Starting at the first line of the data, print every line up to and including the one with "#1=APPLICATION_CONTEXT('core data for", but no pictures.

::: EXTRACTED RECORDS :::

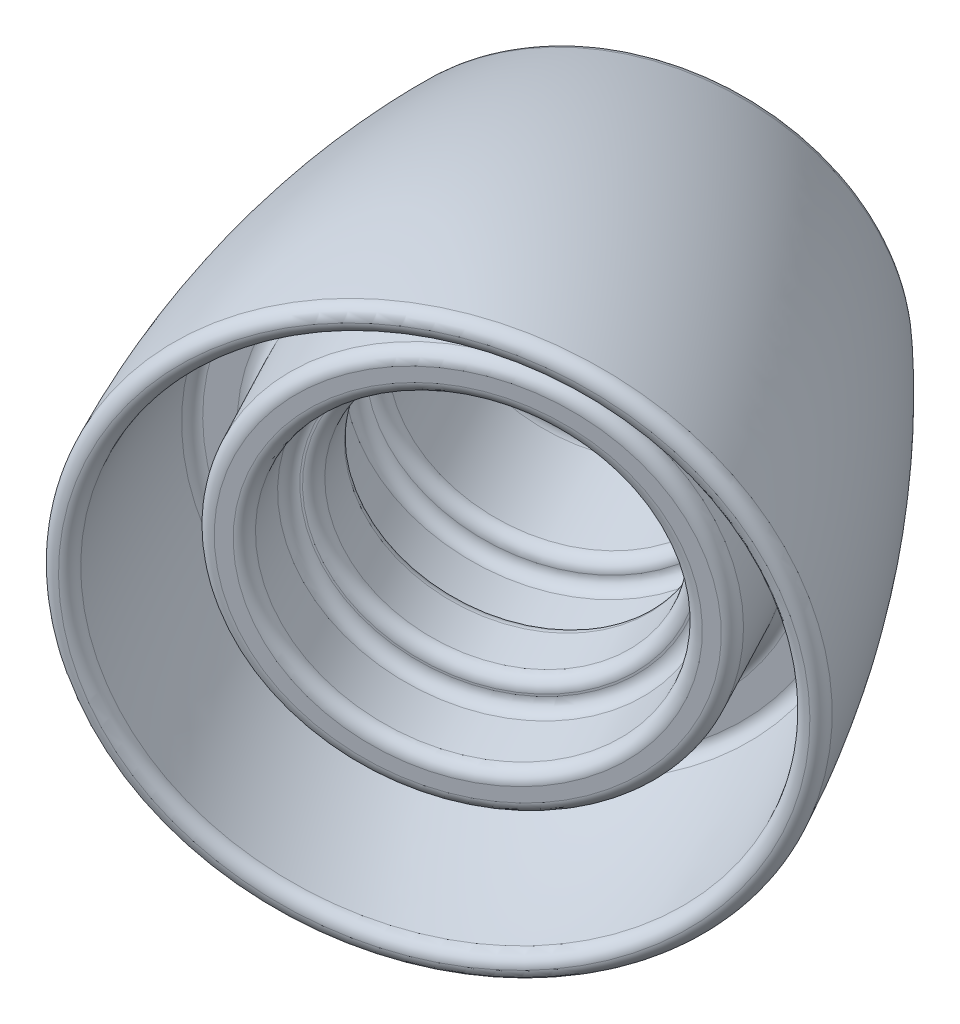
ISO-10303-21;
HEADER;
FILE_DESCRIPTION(('STEP AP214'),'2;1');
FILE_NAME('part.step','',(''),(''),'','','');
FILE_SCHEMA(('AUTOMOTIVE_DESIGN { 1 0 10303 214 1 1 1 1 }'));
ENDSEC;
DATA;
#1=APPLICATION_CONTEXT('core data for automotive mechanical design processes');
#2=APPLICATION_PROTOCOL_DEFINITION('international standard','automotive_design',2000,#1);
#3=PRODUCT_CONTEXT('',#1,'mechanical');
#4=PRODUCT('Part','Part','',(#3));
#5=PRODUCT_RELATED_PRODUCT_CATEGORY('part','',(#4));
#6=PRODUCT_DEFINITION_FORMATION('','',#4);
#7=PRODUCT_DEFINITION_CONTEXT('part definition',#1,'design');
#8=PRODUCT_DEFINITION('design','',#6,#7);
#9=PRODUCT_DEFINITION_SHAPE('','',#8);
#10=(LENGTH_UNIT() NAMED_UNIT(*) SI_UNIT(.MILLI.,.METRE.));
#11=(NAMED_UNIT(*) PLANE_ANGLE_UNIT() SI_UNIT($,.RADIAN.));
#12=(NAMED_UNIT(*) SI_UNIT($,.STERADIAN.) SOLID_ANGLE_UNIT());
#13=UNCERTAINTY_MEASURE_WITH_UNIT(LENGTH_MEASURE(1.E-05),#10,'distance_accuracy_value','');
#14=(GEOMETRIC_REPRESENTATION_CONTEXT(3) GLOBAL_UNCERTAINTY_ASSIGNED_CONTEXT((#13)) GLOBAL_UNIT_ASSIGNED_CONTEXT((#10,
#11,#12)) REPRESENTATION_CONTEXT('',''));
#15=CARTESIAN_POINT('',(0.,0.,0.));
#16=DIRECTION('',(0.,0.,1.));
#17=DIRECTION('',(1.,0.,0.));
#18=AXIS2_PLACEMENT_3D('',#15,#16,#17);
#19=CARTESIAN_POINT('',(-1.82840361063117,-8.23663197239245,23.7918539048536));
#20=DIRECTION('',(0.453212083113773,-0.0300186712748522,0.890897124866035));
#21=DIRECTION('',(-0.41626094218873,-0.890897124866035,0.181739211271491));
#22=AXIS2_PLACEMENT_3D('',#19,#20,#21);
#23=CYLINDRICAL_SURFACE('',#22,3.24582561371548);
#24=CARTESIAN_POINT('',(-6.10445961480962,-7.95340580891422,15.3862395317425));
#25=DIRECTION('',(0.453212083113773,-0.0300186712748522,0.890897124866035));
#26=DIRECTION('',(-0.41626094218873,-0.890897124866035,0.181739211271491));
#27=AXIS2_PLACEMENT_3D('',#24,#25,#26);
#28=CIRCLE('',#27,3.24582561371548);
#29=CARTESIAN_POINT('',(-7.45557004295514,-10.8451025159899,15.976133318704));
#30=VERTEX_POINT('',#29);
#31=EDGE_CURVE('E89',#30,#30,#28,.F.);
#32=ORIENTED_EDGE('',*,*,#31,.T.);
#33=EDGE_LOOP('',(#32));
#34=FACE_BOUND('',#33,.T.);
#35=CARTESIAN_POINT('',(-5.60592632338447,-7.98642634731656,16.3662263690952));
#36=DIRECTION('',(-0.453212083113773,0.0300186712748522,-0.890897124866035));
#37=DIRECTION('',(0.41626094218873,0.890897124866035,-0.181739211271491));
#38=AXIS2_PLACEMENT_3D('',#35,#36,#37);
#39=CIRCLE('',#38,3.24582561371548);
#40=CARTESIAN_POINT('',(-4.25481589523895,-5.0947296402409,15.7763325821337));
#41=VERTEX_POINT('',#40);
#42=EDGE_CURVE('E92',#41,#41,#39,.F.);
#43=ORIENTED_EDGE('',*,*,#42,.T.);
#44=EDGE_LOOP('',(#43));
#45=FACE_BOUND('',#44,.T.);
#46=ADVANCED_FACE('F30',(#34,#45),#23,.F.);
#47=CARTESIAN_POINT('',(-4.36631390040934,-5.58336181099489,16.0972048205766));
#48=DIRECTION('',(-0.453212083113773,0.0300186712748522,-0.890897124866035));
#49=DIRECTION('',(0.41626094218873,0.890897124866035,-0.181739211271491));
#50=AXIS2_PLACEMENT_3D('',#47,#48,#49);
#51=PLANE('',#50);
#52=CARTESIAN_POINT('',(-5.49262330260603,-7.99393101513527,16.5889506503117));
#53=DIRECTION('',(-0.453212083113773,0.0300186712748522,-0.890897124866035));
#54=DIRECTION('',(0.41626094218873,0.890897124866035,-0.181739211271491));
#55=AXIS2_PLACEMENT_3D('',#52,#53,#54);
#56=CIRCLE('',#55,2.99582561371548);
#57=CARTESIAN_POINT('',(-4.24557811000769,-5.32495858927612,16.0444916661681));
#58=VERTEX_POINT('',#57);
#59=EDGE_CURVE('E83',#58,#58,#56,.T.);
#60=ORIENTED_EDGE('',*,*,#59,.T.);
#61=EDGE_LOOP('',(#60));
#62=FACE_BOUND('',#61,.T.);
#63=CARTESIAN_POINT('',(-5.49262330260603,-7.99393101513527,16.5889506503117));
#64=DIRECTION('',(-0.453212083113773,0.0300186712748522,-0.890897124866035));
#65=DIRECTION('',(0.41626094218873,0.890897124866035,-0.181739211271491));
#66=AXIS2_PLACEMENT_3D('',#63,#64,#65);
#67=CIRCLE('',#66,2.95577728545579);
#68=CARTESIAN_POINT('',(-4.26224866486216,-5.36063752977838,16.0517700177587));
#69=VERTEX_POINT('',#68);
#70=EDGE_CURVE('E86',#69,#69,#67,.F.);
#71=ORIENTED_EDGE('',*,*,#70,.T.);
#72=EDGE_LOOP('',(#71));
#73=FACE_BOUND('',#72,.T.);
#74=ADVANCED_FACE('F168',(#62,#73),#51,.T.);
#75=CARTESIAN_POINT('',(-1.82840361063117,-8.23663197239245,23.7918539048536));
#76=DIRECTION('',(0.453212083113773,-0.0300186712748522,0.890897124866035));
#77=DIRECTION('',(-0.41626094218873,-0.890897124866035,0.181739211271491));
#78=AXIS2_PLACEMENT_3D('',#75,#76,#77);
#79=CYLINDRICAL_SURFACE('',#78,2.70577728545579);
#80=CARTESIAN_POINT('',(-5.37932028182759,-8.00143568295398,16.8116749315282));
#81=DIRECTION('',(-0.453212083113773,0.0300186712748522,-0.890897124866035));
#82=DIRECTION('',(0.41626094218873,0.890897124866035,-0.181739211271491));
#83=AXIS2_PLACEMENT_3D('',#80,#81,#82);
#84=CIRCLE('',#83,2.70577728545579);
#85=CARTESIAN_POINT('',(-4.2530108796309,-5.5908664788136,16.3199291017931));
#86=VERTEX_POINT('',#85);
#87=EDGE_CURVE('E77',#86,#86,#84,.T.);
#88=ORIENTED_EDGE('',*,*,#87,.T.);
#89=EDGE_LOOP('',(#88));
#90=FACE_BOUND('',#89,.T.);
#91=CARTESIAN_POINT('',(-4.97142940702519,-8.02845248710135,17.6134823439076));
#92=DIRECTION('',(0.453212083113773,-0.0300186712748522,0.890897124866035));
#93=DIRECTION('',(-0.41626094218873,-0.890897124866035,0.181739211271491));
#94=AXIS2_PLACEMENT_3D('',#91,#92,#93);
#95=CIRCLE('',#94,2.70577728545579);
#96=CARTESIAN_POINT('',(-6.09773880922188,-10.4390216912417,18.1052281736427));
#97=VERTEX_POINT('',#96);
#98=EDGE_CURVE('E80',#97,#97,#95,.T.);
#99=ORIENTED_EDGE('',*,*,#98,.T.);
#100=EDGE_LOOP('',(#99));
#101=FACE_BOUND('',#100,.T.);
#102=ADVANCED_FACE('F164',(#90,#101),#79,.F.);
#103=CARTESIAN_POINT('',(-3.73181698405006,-5.62538795077968,17.3444607953891));
#104=DIRECTION('',(0.453212083113773,-0.0300186712748522,0.890897124866035));
#105=DIRECTION('',(-0.41626094218873,-0.890897124866035,0.181739211271491));
#106=AXIS2_PLACEMENT_3D('',#103,#104,#105);
#107=PLANE('',#106);
#108=CARTESIAN_POINT('',(-4.85812638624674,-8.03595715492006,17.8362066251241));
#109=DIRECTION('',(0.453212083113773,-0.0300186712748522,0.890897124866035));
#110=DIRECTION('',(-0.41626094218873,-0.890897124866035,0.181739211271491));
#111=AXIS2_PLACEMENT_3D('',#108,#109,#110);
#112=CIRCLE('',#111,2.95577728545579);
#113=CARTESIAN_POINT('',(-6.08850102399062,-10.669250640277,18.373387257677));
#114=VERTEX_POINT('',#113);
#115=EDGE_CURVE('E71',#114,#114,#112,.F.);
#116=ORIENTED_EDGE('',*,*,#115,.T.);
#117=EDGE_LOOP('',(#116));
#118=FACE_BOUND('',#117,.T.);
#119=CARTESIAN_POINT('',(-4.85812638624674,-8.03595715492006,17.8362066251241));
#120=DIRECTION('',(0.453212083113773,-0.0300186712748522,0.890897124866035));
#121=DIRECTION('',(-0.41626094218873,-0.890897124866035,0.181739211271491));
#122=AXIS2_PLACEMENT_3D('',#119,#120,#121);
#123=CIRCLE('',#122,2.99582561371548);
#124=CARTESIAN_POINT('',(-6.10517157884508,-10.7049295807792,18.3806656092677));
#125=VERTEX_POINT('',#124);
#126=EDGE_CURVE('E74',#125,#125,#123,.T.);
#127=ORIENTED_EDGE('',*,*,#126,.T.);
#128=EDGE_LOOP('',(#127));
#129=FACE_BOUND('',#128,.T.);
#130=ADVANCED_FACE('F160',(#118,#129),#107,.T.);
#131=CARTESIAN_POINT('',(-1.82840361063117,-8.23663197239245,23.7918539048536));
#132=DIRECTION('',(0.453212083113773,-0.0300186712748522,0.890897124866035));
#133=DIRECTION('',(-0.41626094218873,-0.890897124866035,0.181739211271491));
#134=AXIS2_PLACEMENT_3D('',#131,#132,#133);
#135=CYLINDRICAL_SURFACE('',#134,3.24582561371548);
#136=CARTESIAN_POINT('',(-4.7448233654683,-8.04346182273878,18.0589309063406));
#137=DIRECTION('',(0.453212083113773,-0.0300186712748522,0.890897124866035));
#138=DIRECTION('',(-0.41626094218873,-0.890897124866035,0.181739211271491));
#139=AXIS2_PLACEMENT_3D('',#136,#137,#138);
#140=CIRCLE('',#139,3.24582561371548);
#141=CARTESIAN_POINT('',(-6.09593379361382,-10.9351585298144,18.6488246933021));
#142=VERTEX_POINT('',#141);
#143=EDGE_CURVE('E65',#142,#142,#140,.F.);
#144=ORIENTED_EDGE('',*,*,#143,.T.);
#145=EDGE_LOOP('',(#144));
#146=FACE_BOUND('',#145,.T.);
#147=CARTESIAN_POINT('',(-4.2853736463624,-8.07389364615885,18.9620896018452));
#148=DIRECTION('',(0.453212083113773,-0.0300186712748522,0.890897124866035));
#149=DIRECTION('',(-0.41626094218873,-0.890897124866035,0.181739211271491));
#150=AXIS2_PLACEMENT_3D('',#147,#148,#149);
#151=CIRCLE('',#150,3.24582561371548);
#152=CARTESIAN_POINT('',(-5.63648407450792,-10.9655903532345,19.5519833888067));
#153=VERTEX_POINT('',#152);
#154=EDGE_CURVE('E68',#153,#153,#151,.T.);
#155=ORIENTED_EDGE('',*,*,#154,.T.);
#156=EDGE_LOOP('',(#155));
#157=FACE_BOUND('',#156,.T.);
#158=ADVANCED_FACE('F156',(#146,#157),#135,.F.);
#159=CARTESIAN_POINT('',(-2.82096019743843,-5.18970160690191,18.5949200961003));
#160=DIRECTION('',(0.453212083113773,-0.0300186712748522,0.890897124866035));
#161=DIRECTION('',(-0.41626094218873,-0.890897124866035,0.181739211271491));
#162=AXIS2_PLACEMENT_3D('',#159,#160,#161);
#163=PLANE('',#162);
#164=CARTESIAN_POINT('',(-4.17207062558395,-8.08139831397756,19.1848138830617));
#165=DIRECTION('',(0.453212083113773,-0.0300186712748522,0.890897124866035));
#166=DIRECTION('',(-0.41626094218873,-0.890897124866035,0.181739211271491));
#167=AXIS2_PLACEMENT_3D('',#164,#165,#166);
#168=CIRCLE('',#167,3.49582561371548);
#169=CARTESIAN_POINT('',(-5.62724628927666,-11.1958193022697,19.8201424728411));
#170=VERTEX_POINT('',#169);
#171=EDGE_CURVE('E45',#170,#170,#168,.F.);
#172=ORIENTED_EDGE('',*,*,#171,.T.);
#173=EDGE_LOOP('',(#172));
#174=FACE_BOUND('',#173,.T.);
#175=CARTESIAN_POINT('',(-4.17207062558395,-8.08139831397756,19.1848138830617));
#176=DIRECTION('',(0.453212083113773,-0.0300186712748522,0.890897124866035));
#177=DIRECTION('',(-0.41626094218873,-0.890897124866035,0.181739211271491));
#178=AXIS2_PLACEMENT_3D('',#175,#176,#177);
#179=CIRCLE('',#178,3.7785708845634);
#180=CARTESIAN_POINT('',(-5.74494210211922,-11.4477162511376,19.8715283753557));
#181=VERTEX_POINT('',#180);
#182=EDGE_CURVE('E50',#181,#181,#179,.T.);
#183=ORIENTED_EDGE('',*,*,#182,.T.);
#184=EDGE_LOOP('',(#183));
#185=FACE_BOUND('',#184,.T.);
#186=ADVANCED_FACE('F152',(#174,#185),#163,.T.);
#187=CARTESIAN_POINT('',(-1.82840361063117,-8.23663197239245,23.7918539048536));
#188=DIRECTION('',(0.453212083113773,-0.0300186712748522,0.890897124866035));
#189=DIRECTION('',(-0.41626094218873,-0.890897124866035,0.181739211271491));
#190=AXIS2_PLACEMENT_3D('',#187,#188,#189);
#191=CYLINDRICAL_SURFACE('',#190,4.0285708845634);
#192=CARTESIAN_POINT('',(-5.2320599834361,-8.01118952371409,17.1011503919848));
#193=DIRECTION('',(0.453212083113773,-0.0300186712748522,0.890897124866035));
#194=DIRECTION('',(-0.41626094218873,-0.890897124866035,0.181739211271491));
#195=AXIS2_PLACEMENT_3D('',#192,#193,#194);
#196=CIRCLE('',#195,4.0285708845634);
#197=CARTESIAN_POINT('',(-6.90899669551855,-11.6002317420906,17.8332996870967));
#198=VERTEX_POINT('',#197);
#199=EDGE_CURVE('E59',#198,#198,#196,.T.);
#200=ORIENTED_EDGE('',*,*,#199,.T.);
#201=EDGE_LOOP('',(#200));
#202=FACE_BOUND('',#201,.T.);
#203=CARTESIAN_POINT('',(-4.2853736463624,-8.07389364615885,18.9620896018452));
#204=DIRECTION('',(0.453212083113773,-0.0300186712748522,0.890897124866035));
#205=DIRECTION('',(-0.41626094218873,-0.890897124866035,0.181739211271491));
#206=AXIS2_PLACEMENT_3D('',#203,#204,#205);
#207=CIRCLE('',#206,4.0285708845634);
#208=CARTESIAN_POINT('',(-5.96231035844485,-11.6629358645354,19.6942388969571));
#209=VERTEX_POINT('',#208);
#210=EDGE_CURVE('E62',#209,#209,#207,.F.);
#211=ORIENTED_EDGE('',*,*,#210,.T.);
#212=EDGE_LOOP('',(#211));
#213=FACE_BOUND('',#212,.T.);
#214=ADVANCED_FACE('F148',(#202,#213),#191,.T.);
#215=CARTESIAN_POINT('',(-3.6684262921321,-4.41464263751882,16.1462768156565));
#216=DIRECTION('',(0.453212083113773,-0.0300186712748522,0.890897124866035));
#217=DIRECTION('',(-0.41626094218873,-0.890897124866035,0.181739211271491));
#218=AXIS2_PLACEMENT_3D('',#215,#216,#217);
#219=PLANE('',#218);
#220=CARTESIAN_POINT('',(-5.34536300421455,-8.00368485589538,16.8784261107683));
#221=DIRECTION('',(0.453212083113773,-0.0300186712748522,0.890897124866035));
#222=DIRECTION('',(-0.41626094218873,-0.890897124866035,0.181739211271491));
#223=AXIS2_PLACEMENT_3D('',#220,#221,#222);
#224=CIRCLE('',#223,4.2785708845634);
#225=CARTESIAN_POINT('',(-7.12636495184418,-11.8154513554884,17.656010208698));
#226=VERTEX_POINT('',#225);
#227=EDGE_CURVE('E53',#226,#226,#224,.F.);
#228=ORIENTED_EDGE('',*,*,#227,.T.);
#229=EDGE_LOOP('',(#228));
#230=FACE_BOUND('',#229,.T.);
#231=CARTESIAN_POINT('',(-5.34536300421455,-8.00368485589538,16.8784261107683));
#232=DIRECTION('',(0.453212083113773,-0.0300186712748522,0.890897124866035));
#233=DIRECTION('',(-0.41626094218873,-0.890897124866035,0.181739211271491));
#234=AXIS2_PLACEMENT_3D('',#231,#232,#233);
#235=CIRCLE('',#234,4.79273774166151);
#236=CARTESIAN_POINT('',(-7.34039253222205,-12.2735211301785,17.749454487769));
#237=VERTEX_POINT('',#236);
#238=EDGE_CURVE('E56',#237,#237,#235,.T.);
#239=ORIENTED_EDGE('',*,*,#238,.T.);
#240=EDGE_LOOP('',(#239));
#241=FACE_BOUND('',#240,.T.);
#242=ADVANCED_FACE('F144',(#230,#241),#219,.T.);
#243=CARTESIAN_POINT('',(-5.92820484945405,-4.55561842241409,12.0205937841695));
#244=CARTESIAN_POINT('',(-5.49588790536874,-4.33531117061553,12.5993762028067));
#245=CARTESIAN_POINT('',(-4.64271846800315,-3.95010381774628,13.7955572675327));
#246=CARTESIAN_POINT('',(-3.44076764867436,-3.5609253915247,15.6478758867091));
#247=CARTESIAN_POINT('',(-2.30642175990725,-3.35375627529409,17.5703422472452));
#248=CARTESIAN_POINT('',(-1.59087960974788,-3.33850083961202,18.9087010873886));
#249=CARTESIAN_POINT('',(-1.24880630666905,-3.36115630113467,19.5811262065507));
#250=B_SPLINE_CURVE_WITH_KNOTS('',3,(#243,#244,#245,#246,#247,#248,#249),.UNSPECIFIED.,.F.,.F.,
(4,1,1,1,4),(0.,0.25,0.5,0.75,1.),.UNSPECIFIED.);
#251=CARTESIAN_POINT('',(-1.82840361063117,-8.23663197239245,23.7918539048536));
#252=DIRECTION('',(0.453212083113773,-0.0300186712748522,0.890897124866035));
#253=AXIS1_PLACEMENT('',#251,#252);
#254=SURFACE_OF_REVOLUTION('',#250,#253);
#255=CARTESIAN_POINT('',(-5.25007855398893,-8.00999605697651,17.0657305669232));
#256=DIRECTION('',(0.453212083113773,-0.0300186712748522,0.890897124866035));
#257=DIRECTION('',(-0.41626094218873,-0.890897124866035,0.181739211271491));
#258=AXIS2_PLACEMENT_3D('',#255,#256,#257);
#259=CIRCLE('',#258,5.03955618251426);
#260=CARTESIAN_POINT('',(-7.34784895873535,-12.4997221705793,17.9816155326917));
#261=VERTEX_POINT('',#260);
#262=EDGE_CURVE('E41',#261,#261,#259,.F.);
#263=ORIENTED_EDGE('',*,*,#262,.T.);
#264=EDGE_LOOP('',(#263));
#265=FACE_BOUND('',#264,.T.);
#266=CARTESIAN_POINT('',(-3.58801419079784,-8.120083509662,20.3329169851139));
#267=DIRECTION('',(0.453212083113773,-0.0300186712748522,0.890897124866035));
#268=DIRECTION('',(-0.41626094218873,-0.890897124866035,0.181739211271491));
#269=AXIS2_PLACEMENT_3D('',#266,#267,#268);
#270=CIRCLE('',#269,5.34884288988972);
#271=CARTESIAN_POINT('',(-5.81452857176283,-12.8853522616249,21.3050114731376));
#272=VERTEX_POINT('',#271);
#273=EDGE_CURVE('E95',#272,#272,#270,.T.);
#274=ORIENTED_EDGE('',*,*,#273,.T.);
#275=EDGE_LOOP('',(#274));
#276=FACE_BOUND('',#275,.T.);
#277=ADVANCED_FACE('F140',(#265,#276),#254,.F.);
#278=CARTESIAN_POINT('',(-1.24880630666905,-3.36115630113467,19.5811262065507));
#279=DIRECTION('',(0.453212083113773,-0.0300186712748522,0.890897124866035));
#280=DIRECTION('',(-0.41626094218873,-0.890897124866035,0.181739211271491));
#281=AXIS2_PLACEMENT_3D('',#278,#279,#280);
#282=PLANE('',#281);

:::

• **WRITTEN ANSWER**
ISO-10303-21;
HEADER;
FILE_DESCRIPTION(('STEP AP214'),'2;1');
FILE_NAME('part.step','',(''),(''),'','','');
FILE_SCHEMA(('AUTOMOTIVE_DESIGN { 1 0 10303 214 1 1 1 1 }'));
ENDSEC;
DATA;
#1=APPLICATION_CONTEXT('core data for automotive mechanical design processes');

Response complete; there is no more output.